Ensemble-averaged on-transient pulmonary V̇o₂ kinetics in 10-s binned periods in representative participants of each group for placebo (PLB) or fentanyl (FNT). A and B: models represent single-exponential functions in heart failure (HF) and healthy control (CTL), respectively. The illustrated time constant (τ) in A and B for both experimental arms reflect an optimal cardiodynamic (phase I) period of 35 s representative of group means (see Tables 2 and 3 for further detail). The percent change noted in both A and B is that of each group (means ± SD) from PLB to FNT. The shaded area in A conceptualizes the influence that a prolonged τ in the absence of differences in steady-state V̇o₂ has on increasing O₂def. The sampling period accounted for >98% (i.e., τ × 4) of the response in A and B. C and D: residual plots of single-exponential function curve fits from A and B in HF and CTL, respectively.

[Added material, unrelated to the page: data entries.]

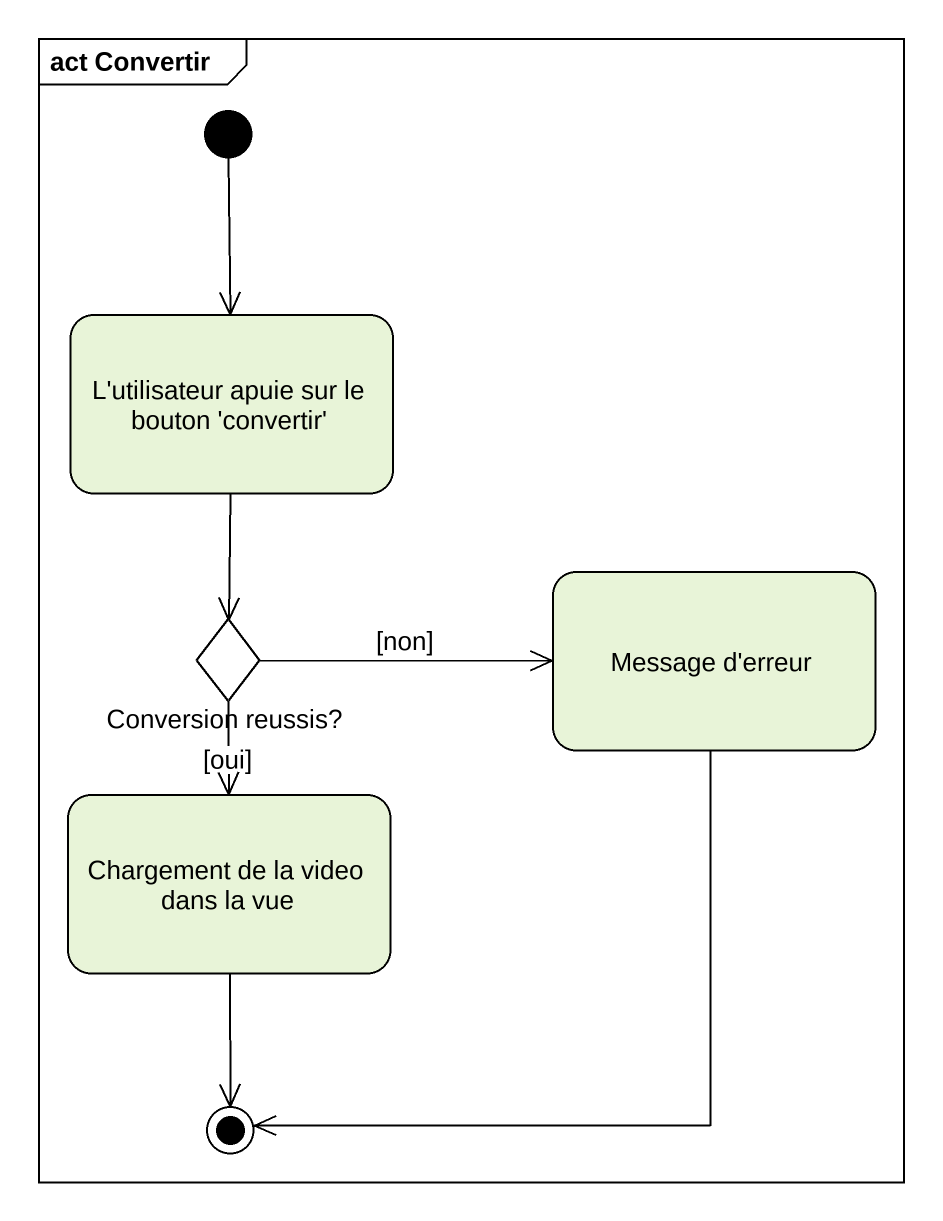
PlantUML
@startuml
mainframe act Convertir
hide empty description
state "L'utilisateur apuie sur le bouton 'convertir'" as L_utilisateur_apuie_sur_le
state "Conversion reussis?" as Conversion_reussis <<choice>>
state "Message d'erreur" as Message_d_erreur
state "Chargement de la video dans la vue" as Chargement_de_la_video_dans
[*] --> L_utilisateur_apuie_sur_le
L_utilisateur_apuie_sur_le --> Conversion_reussis
Conversion_reussis -right-> Message_d_erreur : [non]
Conversion_reussis --> Chargement_de_la_video_dans : [oui]
Message_d_erreur --> [*]
Chargement_de_la_video_dans --> [*]
@enduml
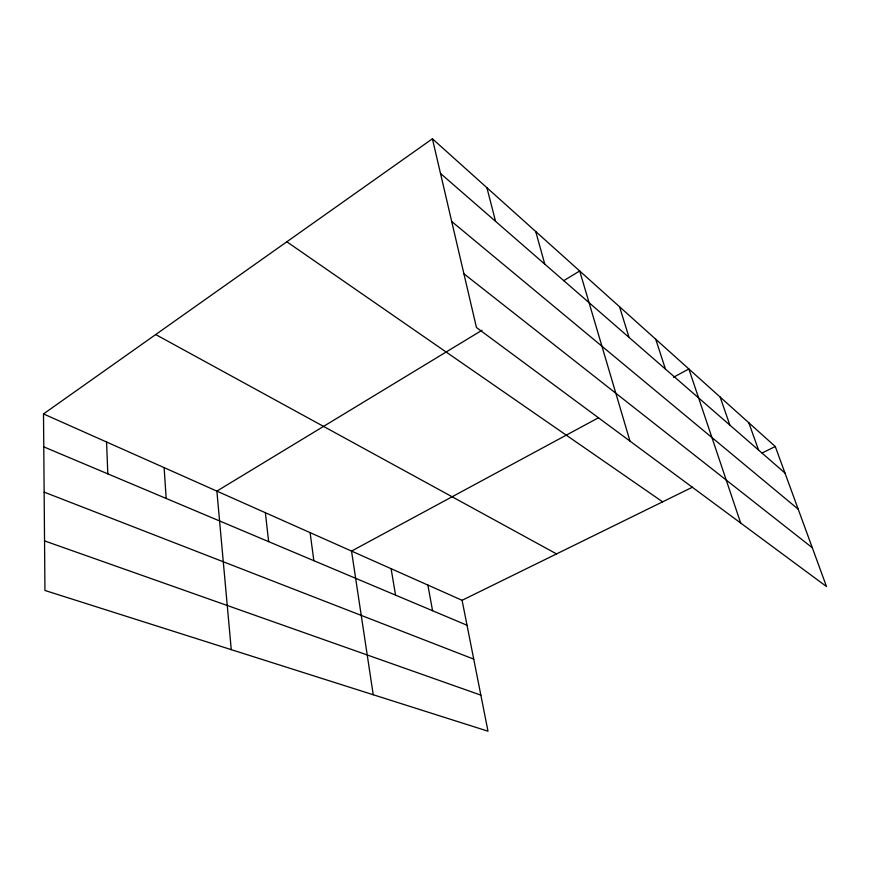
<?xml version="1.0" encoding="UTF-8"?>
<svg xmlns="http://www.w3.org/2000/svg" width="870" height="870" viewBox="0 0 870 870"><rect width="100%" height="100%" fill="white"/><g stroke="black" fill="none" stroke-linecap="round" stroke-linejoin="round"><path stroke-width="1.3" d="M43.5 413.924L462.09 600.3L487.994 731.202L44.946 590.469L43.5 413.924L432.412 138.798L775.279 446.527L826.5 586.543L476.445 327.49L432.412 138.798M482.013 330.252L216.869 491.115L231.268 649.651M563.651 280.716L579.692 270.983L629.978 441.123M598.516 417.741L351.534 551.08L373.23 694.749M673.445 377.297L688.866 368.967L740.685 523.044M462.09 600.3L692.542 487.146M762.076 453.009L775.279 446.527M44.544 540.901L480.86 695.141M44.142 492.126L473.737 659.134M43.772 446.865L467.027 625.247M155.697 334.548L556.55 553.918M286.828 241.784L662.625 501.838M463.906 273.778L812.297 547.741M451.715 221.491L798.192 509.167M440.503 173.456L784.968 473.03M748.82 422.787L758.564 450.062M720.121 397.024L729.876 425.115M655.752 339.246L665.43 369.065M619.516 306.729L629.075 337.451M535.713 231.507L544.783 264.154M486.906 187.702L495.563 221.339M427.866 585.064L432.575 610.729M391.108 568.697L395.546 595.123M310.111 532.636L313.842 560.682M265.361 512.713L268.634 541.629M164.125 467.636L166.17 498.445M106.575 442.003L107.815 473.856"/></g></svg>

Residual plots illustrate single exponential functions fit from time = 0 or from an optimal phase I period extending from 0 to 35 s.

Fig. 3.

O₂def for transitions of exercise instituted from rest beginning at time 0 using a single-exponential function (accounting for an unconstrained time delay, see Eq. 3). Data are expressed as means ± SD. A: absolute O₂def. B: O₂def indexed to relative fixed workloads (in W).